• _Information given_
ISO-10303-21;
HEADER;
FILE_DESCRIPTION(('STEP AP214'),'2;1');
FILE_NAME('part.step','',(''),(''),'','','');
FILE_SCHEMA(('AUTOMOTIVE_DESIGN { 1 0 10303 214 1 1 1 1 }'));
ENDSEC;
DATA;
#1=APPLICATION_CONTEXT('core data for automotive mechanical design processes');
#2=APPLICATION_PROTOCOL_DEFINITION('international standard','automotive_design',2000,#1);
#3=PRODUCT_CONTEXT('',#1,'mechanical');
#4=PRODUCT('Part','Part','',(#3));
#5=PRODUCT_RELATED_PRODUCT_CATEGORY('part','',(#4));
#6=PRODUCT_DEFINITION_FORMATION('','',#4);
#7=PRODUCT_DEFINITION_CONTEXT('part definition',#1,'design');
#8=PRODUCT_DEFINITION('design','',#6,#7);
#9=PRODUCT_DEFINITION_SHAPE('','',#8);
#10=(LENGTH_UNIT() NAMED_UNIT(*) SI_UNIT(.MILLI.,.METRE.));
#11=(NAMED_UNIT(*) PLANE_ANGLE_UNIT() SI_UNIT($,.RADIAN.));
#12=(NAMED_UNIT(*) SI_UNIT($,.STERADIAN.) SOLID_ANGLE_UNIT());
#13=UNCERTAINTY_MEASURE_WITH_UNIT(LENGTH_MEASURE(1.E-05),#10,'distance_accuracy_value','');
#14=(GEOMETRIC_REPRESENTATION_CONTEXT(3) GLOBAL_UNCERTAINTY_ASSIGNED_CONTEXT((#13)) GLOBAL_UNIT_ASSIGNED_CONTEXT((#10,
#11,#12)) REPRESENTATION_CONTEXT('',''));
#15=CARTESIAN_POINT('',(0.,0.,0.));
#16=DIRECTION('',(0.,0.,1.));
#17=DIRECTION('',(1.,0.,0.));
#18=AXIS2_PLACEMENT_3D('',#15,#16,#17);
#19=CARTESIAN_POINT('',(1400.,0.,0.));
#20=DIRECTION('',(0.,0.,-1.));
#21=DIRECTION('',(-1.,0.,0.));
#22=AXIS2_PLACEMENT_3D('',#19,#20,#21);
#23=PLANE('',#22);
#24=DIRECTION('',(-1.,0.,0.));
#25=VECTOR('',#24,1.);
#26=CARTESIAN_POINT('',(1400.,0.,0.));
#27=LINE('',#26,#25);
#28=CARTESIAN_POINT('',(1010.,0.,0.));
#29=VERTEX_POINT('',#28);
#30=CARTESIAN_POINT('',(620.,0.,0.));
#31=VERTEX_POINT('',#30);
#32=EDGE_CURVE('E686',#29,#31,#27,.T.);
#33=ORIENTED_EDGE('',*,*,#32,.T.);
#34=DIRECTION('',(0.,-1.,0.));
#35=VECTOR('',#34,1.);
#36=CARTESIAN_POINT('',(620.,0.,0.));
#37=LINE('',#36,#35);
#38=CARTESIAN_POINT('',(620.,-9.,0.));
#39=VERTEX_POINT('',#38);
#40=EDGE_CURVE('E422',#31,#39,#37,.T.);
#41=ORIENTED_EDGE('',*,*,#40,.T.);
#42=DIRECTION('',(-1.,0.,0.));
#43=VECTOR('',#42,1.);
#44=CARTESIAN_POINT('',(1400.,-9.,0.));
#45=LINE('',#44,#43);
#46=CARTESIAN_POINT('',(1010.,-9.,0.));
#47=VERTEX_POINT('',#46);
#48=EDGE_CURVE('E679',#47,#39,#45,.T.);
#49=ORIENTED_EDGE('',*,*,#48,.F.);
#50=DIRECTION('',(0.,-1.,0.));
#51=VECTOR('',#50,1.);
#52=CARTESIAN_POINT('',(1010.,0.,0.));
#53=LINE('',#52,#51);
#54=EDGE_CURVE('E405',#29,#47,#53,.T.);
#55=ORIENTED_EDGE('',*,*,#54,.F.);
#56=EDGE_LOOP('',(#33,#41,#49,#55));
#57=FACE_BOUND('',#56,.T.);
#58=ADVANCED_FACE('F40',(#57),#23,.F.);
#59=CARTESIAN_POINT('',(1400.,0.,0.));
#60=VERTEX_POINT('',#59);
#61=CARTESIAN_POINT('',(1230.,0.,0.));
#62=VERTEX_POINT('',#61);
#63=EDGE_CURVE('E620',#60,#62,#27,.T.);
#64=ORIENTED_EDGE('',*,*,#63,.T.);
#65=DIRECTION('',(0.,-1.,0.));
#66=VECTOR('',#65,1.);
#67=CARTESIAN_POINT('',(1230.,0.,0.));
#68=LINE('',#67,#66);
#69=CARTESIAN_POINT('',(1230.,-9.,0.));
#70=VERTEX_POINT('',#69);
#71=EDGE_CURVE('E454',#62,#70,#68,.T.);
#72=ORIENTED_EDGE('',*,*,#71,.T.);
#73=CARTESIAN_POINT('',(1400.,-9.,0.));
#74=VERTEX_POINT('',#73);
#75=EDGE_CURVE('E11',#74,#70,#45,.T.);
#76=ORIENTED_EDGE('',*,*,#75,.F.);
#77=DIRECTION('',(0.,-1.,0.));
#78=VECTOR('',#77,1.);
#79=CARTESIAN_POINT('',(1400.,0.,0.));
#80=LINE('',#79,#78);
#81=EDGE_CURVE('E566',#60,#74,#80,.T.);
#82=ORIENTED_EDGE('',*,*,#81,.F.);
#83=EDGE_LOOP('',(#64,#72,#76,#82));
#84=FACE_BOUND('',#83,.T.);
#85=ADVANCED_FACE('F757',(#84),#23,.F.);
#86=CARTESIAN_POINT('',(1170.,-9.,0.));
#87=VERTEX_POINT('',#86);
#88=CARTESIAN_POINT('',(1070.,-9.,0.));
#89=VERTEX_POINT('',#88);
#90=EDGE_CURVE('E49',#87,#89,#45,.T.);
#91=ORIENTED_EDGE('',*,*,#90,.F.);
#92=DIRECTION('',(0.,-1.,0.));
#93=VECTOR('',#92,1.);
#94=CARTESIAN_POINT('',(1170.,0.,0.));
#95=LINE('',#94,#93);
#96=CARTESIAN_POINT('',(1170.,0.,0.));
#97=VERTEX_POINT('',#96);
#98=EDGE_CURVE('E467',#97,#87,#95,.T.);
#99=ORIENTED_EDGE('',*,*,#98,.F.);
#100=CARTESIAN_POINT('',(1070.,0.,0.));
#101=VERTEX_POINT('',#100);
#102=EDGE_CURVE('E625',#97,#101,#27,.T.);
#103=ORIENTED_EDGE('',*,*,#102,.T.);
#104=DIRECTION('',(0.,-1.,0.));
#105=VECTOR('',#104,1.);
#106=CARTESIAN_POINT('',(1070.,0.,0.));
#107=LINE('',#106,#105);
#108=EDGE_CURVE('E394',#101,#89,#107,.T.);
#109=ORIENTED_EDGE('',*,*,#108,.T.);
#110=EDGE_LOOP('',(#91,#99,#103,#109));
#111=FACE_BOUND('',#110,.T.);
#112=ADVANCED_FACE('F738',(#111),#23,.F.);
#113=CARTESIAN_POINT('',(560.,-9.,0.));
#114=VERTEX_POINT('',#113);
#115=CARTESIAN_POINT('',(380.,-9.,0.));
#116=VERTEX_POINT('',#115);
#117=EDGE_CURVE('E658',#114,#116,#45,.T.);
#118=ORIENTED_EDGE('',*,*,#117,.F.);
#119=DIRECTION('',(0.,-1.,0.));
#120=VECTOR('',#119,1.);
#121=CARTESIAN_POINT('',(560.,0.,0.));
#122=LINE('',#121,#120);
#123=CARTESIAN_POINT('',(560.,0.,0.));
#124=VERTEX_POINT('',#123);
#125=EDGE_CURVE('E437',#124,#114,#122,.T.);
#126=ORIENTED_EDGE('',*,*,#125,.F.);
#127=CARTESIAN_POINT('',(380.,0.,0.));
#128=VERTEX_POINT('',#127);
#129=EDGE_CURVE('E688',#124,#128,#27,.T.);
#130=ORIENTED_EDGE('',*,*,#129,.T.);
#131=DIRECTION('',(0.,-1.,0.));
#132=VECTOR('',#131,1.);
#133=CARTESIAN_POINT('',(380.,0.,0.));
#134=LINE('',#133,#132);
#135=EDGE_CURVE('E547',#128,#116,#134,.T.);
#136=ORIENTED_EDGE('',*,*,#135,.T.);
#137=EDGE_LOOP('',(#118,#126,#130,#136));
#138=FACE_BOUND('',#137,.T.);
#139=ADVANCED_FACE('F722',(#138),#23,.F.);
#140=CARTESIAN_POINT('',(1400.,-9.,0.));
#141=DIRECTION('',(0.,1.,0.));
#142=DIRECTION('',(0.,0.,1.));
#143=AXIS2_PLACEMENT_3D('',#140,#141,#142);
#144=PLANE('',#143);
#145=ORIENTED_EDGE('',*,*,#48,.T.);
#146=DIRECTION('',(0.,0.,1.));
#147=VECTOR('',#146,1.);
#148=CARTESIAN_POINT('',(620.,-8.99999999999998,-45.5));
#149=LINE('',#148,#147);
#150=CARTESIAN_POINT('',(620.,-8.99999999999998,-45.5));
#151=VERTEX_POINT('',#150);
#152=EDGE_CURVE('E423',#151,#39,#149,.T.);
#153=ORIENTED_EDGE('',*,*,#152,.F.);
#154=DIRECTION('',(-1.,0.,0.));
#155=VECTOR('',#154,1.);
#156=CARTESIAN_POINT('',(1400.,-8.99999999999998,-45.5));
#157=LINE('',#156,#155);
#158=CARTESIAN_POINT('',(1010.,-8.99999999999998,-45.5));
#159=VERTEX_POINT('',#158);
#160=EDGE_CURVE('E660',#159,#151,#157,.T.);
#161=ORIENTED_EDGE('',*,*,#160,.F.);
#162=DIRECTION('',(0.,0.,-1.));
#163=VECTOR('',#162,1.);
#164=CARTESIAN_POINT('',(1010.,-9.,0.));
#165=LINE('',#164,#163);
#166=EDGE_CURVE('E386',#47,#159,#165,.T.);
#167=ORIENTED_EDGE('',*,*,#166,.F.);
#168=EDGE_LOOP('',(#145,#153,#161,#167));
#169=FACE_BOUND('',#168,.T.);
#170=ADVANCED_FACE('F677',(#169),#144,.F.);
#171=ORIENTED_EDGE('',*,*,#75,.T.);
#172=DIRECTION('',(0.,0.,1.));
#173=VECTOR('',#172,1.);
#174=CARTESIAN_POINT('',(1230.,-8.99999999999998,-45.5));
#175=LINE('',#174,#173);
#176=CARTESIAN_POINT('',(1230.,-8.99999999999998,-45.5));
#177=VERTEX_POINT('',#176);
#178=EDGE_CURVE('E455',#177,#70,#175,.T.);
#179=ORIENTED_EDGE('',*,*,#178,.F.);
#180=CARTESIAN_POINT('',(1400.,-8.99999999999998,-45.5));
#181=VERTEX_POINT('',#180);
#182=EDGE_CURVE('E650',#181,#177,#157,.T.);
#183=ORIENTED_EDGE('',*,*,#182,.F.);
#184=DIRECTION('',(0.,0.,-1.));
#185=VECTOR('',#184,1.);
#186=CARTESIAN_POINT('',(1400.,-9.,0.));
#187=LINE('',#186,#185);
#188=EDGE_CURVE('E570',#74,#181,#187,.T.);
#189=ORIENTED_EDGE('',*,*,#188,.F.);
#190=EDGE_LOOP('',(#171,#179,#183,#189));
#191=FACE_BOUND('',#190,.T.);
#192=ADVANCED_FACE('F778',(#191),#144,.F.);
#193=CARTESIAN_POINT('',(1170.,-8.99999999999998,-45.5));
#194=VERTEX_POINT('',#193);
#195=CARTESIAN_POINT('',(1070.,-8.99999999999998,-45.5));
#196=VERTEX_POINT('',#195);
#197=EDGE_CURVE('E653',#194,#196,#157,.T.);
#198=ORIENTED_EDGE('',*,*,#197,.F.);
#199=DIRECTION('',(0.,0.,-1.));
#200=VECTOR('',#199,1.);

• _Work to complete_
Reproduce every line of the entries above, unchanged, from the very first one down to and including the line containing "#1=APPLICATION_CONTEXT('core data for".

• _Task answer_
ISO-10303-21;
HEADER;
FILE_DESCRIPTION(('STEP AP214'),'2;1');
FILE_NAME('part.step','',(''),(''),'','','');
FILE_SCHEMA(('AUTOMOTIVE_DESIGN { 1 0 10303 214 1 1 1 1 }'));
ENDSEC;
DATA;
#1=APPLICATION_CONTEXT('core data for automotive mechanical design processes');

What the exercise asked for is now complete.